- _Task statement_
Retype, word for word, every line of the records below starting at the one that contains "#36=CARTESIAN_POINT('',(-3.175,25.4,-12.7));" and ending at the one that contains "#48=EDGE_CURVE('E676',#47,#39,#45,.T.);"; include both of those lines and nothing more.

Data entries

:::

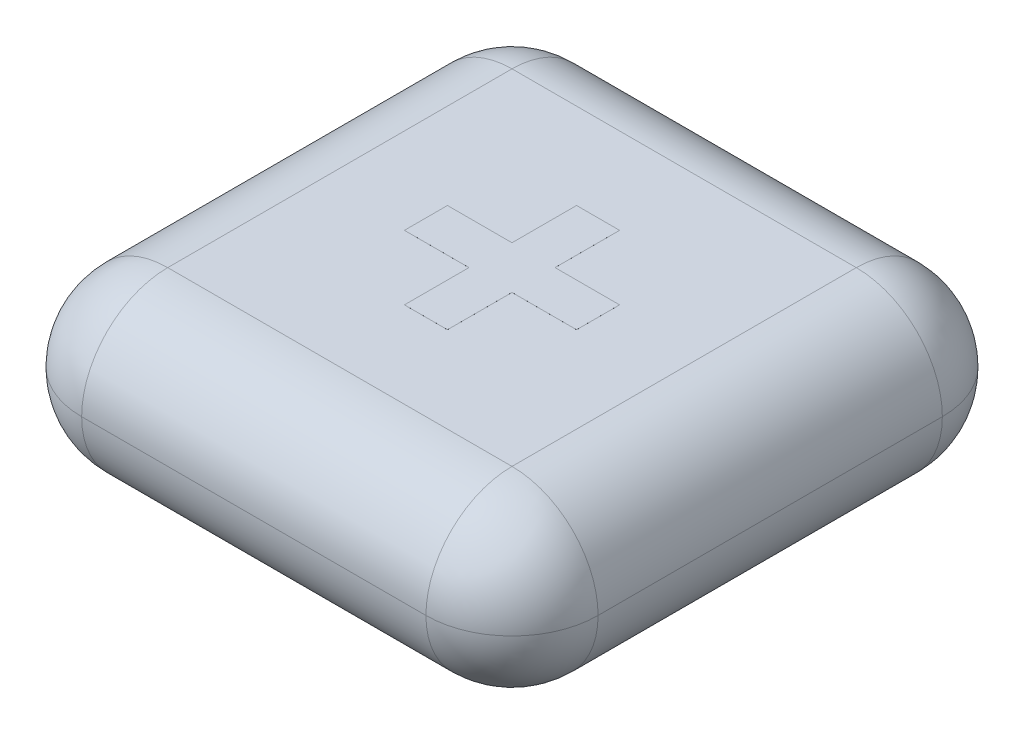
ISO-10303-21;
HEADER;
FILE_DESCRIPTION(('STEP AP214'),'2;1');
FILE_NAME('part.step','',(''),(''),'','','');
FILE_SCHEMA(('AUTOMOTIVE_DESIGN { 1 0 10303 214 1 1 1 1 }'));
ENDSEC;
DATA;
#1=APPLICATION_CONTEXT('core data for automotive mechanical design processes');
#2=APPLICATION_PROTOCOL_DEFINITION('international standard','automotive_design',2000,#1);
#3=PRODUCT_CONTEXT('',#1,'mechanical');
#4=PRODUCT('Part','Part','',(#3));
#5=PRODUCT_RELATED_PRODUCT_CATEGORY('part','',(#4));
#6=PRODUCT_DEFINITION_FORMATION('','',#4);
#7=PRODUCT_DEFINITION_CONTEXT('part definition',#1,'design');
#8=PRODUCT_DEFINITION('design','',#6,#7);
#9=PRODUCT_DEFINITION_SHAPE('','',#8);
#10=(LENGTH_UNIT() NAMED_UNIT(*) SI_UNIT(.MILLI.,.METRE.));
#11=(NAMED_UNIT(*) PLANE_ANGLE_UNIT() SI_UNIT($,.RADIAN.));
#12=(NAMED_UNIT(*) SI_UNIT($,.STERADIAN.) SOLID_ANGLE_UNIT());
#13=UNCERTAINTY_MEASURE_WITH_UNIT(LENGTH_MEASURE(1.E-05),#10,'distance_accuracy_value','');
#14=(GEOMETRIC_REPRESENTATION_CONTEXT(3) GLOBAL_UNCERTAINTY_ASSIGNED_CONTEXT((#13)) GLOBAL_UNIT_ASSIGNED_CONTEXT((#10,
#11,#12)) REPRESENTATION_CONTEXT('',''));
#15=CARTESIAN_POINT('',(0.,0.,0.));
#16=DIRECTION('',(0.,0.,1.));
#17=DIRECTION('',(1.,0.,0.));
#18=AXIS2_PLACEMENT_3D('',#15,#16,#17);
#19=CARTESIAN_POINT('',(0.,25.4,0.));
#20=DIRECTION('',(0.,1.,0.));
#21=DIRECTION('',(0.,0.,1.));
#22=AXIS2_PLACEMENT_3D('',#19,#20,#21);
#23=PLANE('',#22);
#24=DIRECTION('',(0.,0.,-1.));
#25=VECTOR('',#24,1.);
#26=CARTESIAN_POINT('',(-3.175,25.4,12.7));
#27=LINE('',#26,#25);
#28=CARTESIAN_POINT('',(-3.175,25.4,-3.175));
#29=VERTEX_POINT('',#28);
#30=CARTESIAN_POINT('',(-3.175,25.4,-12.7));
#31=VERTEX_POINT('',#30);
#32=EDGE_CURVE('E683',#29,#31,#27,.T.);
#33=ORIENTED_EDGE('',*,*,#32,.T.);
#34=DIRECTION('',(1.,0.,0.));
#35=VECTOR('',#34,1.);
#36=CARTESIAN_POINT('',(-3.175,25.4,-12.7));
#37=LINE('',#36,#35);
#38=CARTESIAN_POINT('',(3.175,25.4,-12.7));
#39=VERTEX_POINT('',#38);
#40=EDGE_CURVE('E679',#31,#39,#37,.T.);
#41=ORIENTED_EDGE('',*,*,#40,.T.);
#42=DIRECTION('',(0.,0.,-1.));
#43=VECTOR('',#42,1.);
#44=CARTESIAN_POINT('',(3.175,25.4,12.7));
#45=LINE('',#44,#43);
#46=CARTESIAN_POINT('',(3.175,25.4,-3.175));
#47=VERTEX_POINT('',#46);
#48=EDGE_CURVE('E676',#47,#39,#45,.T.);
#49=ORIENTED_EDGE('',*,*,#48,.F.);
#50=DIRECTION('',(1.,0.,0.));
#51=VECTOR('',#50,1.);
#52=CARTESIAN_POINT('',(0.,25.4,-3.175));
#53=LINE('',#52,#51);
#54=CARTESIAN_POINT('',(12.7,25.4,-3.175));
#55=VERTEX_POINT('',#54);
#56=EDGE_CURVE('E595',#47,#55,#53,.T.);
#57=ORIENTED_EDGE('',*,*,#56,.T.);
#58=DIRECTION('',(0.,0.,-1.));
#59=VECTOR('',#58,1.);
#60=CARTESIAN_POINT('',(12.7,25.4,0.));
#61=LINE('',#60,#59);
#62=CARTESIAN_POINT('',(12.7,25.4,3.175));
#63=VERTEX_POINT('',#62);
#64=EDGE_CURVE('E601',#63,#55,#61,.T.);
#65=ORIENTED_EDGE('',*,*,#64,.F.);
#66=DIRECTION('',(1.,0.,0.));
#67=VECTOR('',#66,1.);
#68=CARTESIAN_POINT('',(0.,25.4,3.175));
#69=LINE('',#68,#67);
#70=CARTESIAN_POINT('',(3.175,25.4,3.175));
#71=VERTEX_POINT('',#70);
#72=EDGE_CURVE('E607',#71,#63,#69,.T.);
#73=ORIENTED_EDGE('',*,*,#72,.F.);
#74=CARTESIAN_POINT('',(3.175,25.4,12.7));
#75=VERTEX_POINT('',#74);
#76=EDGE_CURVE('E570',#75,#71,#45,.T.);
#77=ORIENTED_EDGE('',*,*,#76,.F.);
#78=DIRECTION('',(1.,0.,0.));
#79=VECTOR('',#78,1.);
#80=CARTESIAN_POINT('',(-3.175,25.4,12.7));
#81=LINE('',#80,#79);
#82=CARTESIAN_POINT('',(-3.175,25.4,12.7));
#83=VERTEX_POINT('',#82);
#84=EDGE_CURVE('E95',#83,#75,#81,.T.);
#85=ORIENTED_EDGE('',*,*,#84,.F.);
#86=CARTESIAN_POINT('',(-3.175,25.4,3.175));
#87=VERTEX_POINT('',#86);
#88=EDGE_CURVE('E663',#83,#87,#27,.T.);
#89=ORIENTED_EDGE('',*,*,#88,.T.);
#90=DIRECTION('',(1.,0.,0.));
#91=VECTOR('',#90,1.);
#92=CARTESIAN_POINT('',(0.,25.4,3.175));
#93=LINE('',#92,#91);
#94=CARTESIAN_POINT('',(-12.7,25.4,3.175));
#95=VERTEX_POINT('',#94);
#96=EDGE_CURVE('E628',#95,#87,#93,.T.);
#97=ORIENTED_EDGE('',*,*,#96,.F.);
#98=DIRECTION('',(0.,0.,-1.));
#99=VECTOR('',#98,1.);
#100=CARTESIAN_POINT('',(-12.7,25.4,0.));
#101=LINE('',#100,#99);
#102=CARTESIAN_POINT('',(-12.7,25.4,-3.175));
#103=VERTEX_POINT('',#102);
#104=EDGE_CURVE('E641',#95,#103,#101,.T.);
#105=ORIENTED_EDGE('',*,*,#104,.T.);
#106=DIRECTION('',(1.,0.,0.));
#107=VECTOR('',#106,1.);
#108=CARTESIAN_POINT('',(0.,25.4,-3.175));
#109=LINE('',#108,#107);
#110=EDGE_CURVE('E637',#103,#29,#109,.T.);
#111=ORIENTED_EDGE('',*,*,#110,.T.);
#112=EDGE_LOOP('',(#33,#41,#49,#57,#65,#73,#77,#85,#89,#97,#105,#111));
#113=FACE_BOUND('',#112,.T.);
#114=DIRECTION('',(1.,0.,0.));
#115=VECTOR('',#114,1.);
#116=CARTESIAN_POINT('',(38.1,25.4,25.4));
#117=LINE('',#116,#115);
#118=CARTESIAN_POINT('',(-25.4,25.4,25.4));
#119=VERTEX_POINT('',#118);
#120=CARTESIAN_POINT('',(25.4,25.4,25.4));
#121=VERTEX_POINT('',#120);
#122=EDGE_CURVE('E87',#119,#121,#117,.T.);
#123=ORIENTED_EDGE('',*,*,#122,.T.);
#124=DIRECTION('',(0.,0.,-1.));
#125=VECTOR('',#124,1.);
#126=CARTESIAN_POINT('',(25.4,25.4,-38.1));
#127=LINE('',#126,#125);
#128=CARTESIAN_POINT('',(25.4,25.4,-25.4));
#129=VERTEX_POINT('',#128);
#130=EDGE_CURVE('E12',#121,#129,#127,.T.);
#131=ORIENTED_EDGE('',*,*,#130,.T.);
#132=DIRECTION('',(1.,0.,0.));
#133=VECTOR('',#132,1.);
#134=CARTESIAN_POINT('',(0.,25.4,-25.4));
#135=LINE('',#134,#133);
#136=CARTESIAN_POINT('',(-25.4,25.4,-25.4));
#137=VERTEX_POINT('',#136);
#138=EDGE_CURVE('E160',#129,#137,#135,.F.);
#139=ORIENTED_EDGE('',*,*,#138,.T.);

:::

- _Written reply_
#36=CARTESIAN_POINT('',(-3.175,25.4,-12.7));
#37=LINE('',#36,#35);
#38=CARTESIAN_POINT('',(3.175,25.4,-12.7));
#39=VERTEX_POINT('',#38);
#40=EDGE_CURVE('E679',#31,#39,#37,.T.);
#41=ORIENTED_EDGE('',*,*,#40,.T.);
#42=DIRECTION('',(0.,0.,-1.));
#43=VECTOR('',#42,1.);
#44=CARTESIAN_POINT('',(3.175,25.4,12.7));
#45=LINE('',#44,#43);
#46=CARTESIAN_POINT('',(3.175,25.4,-3.175));
#47=VERTEX_POINT('',#46);
#48=EDGE_CURVE('E676',#47,#39,#45,.T.);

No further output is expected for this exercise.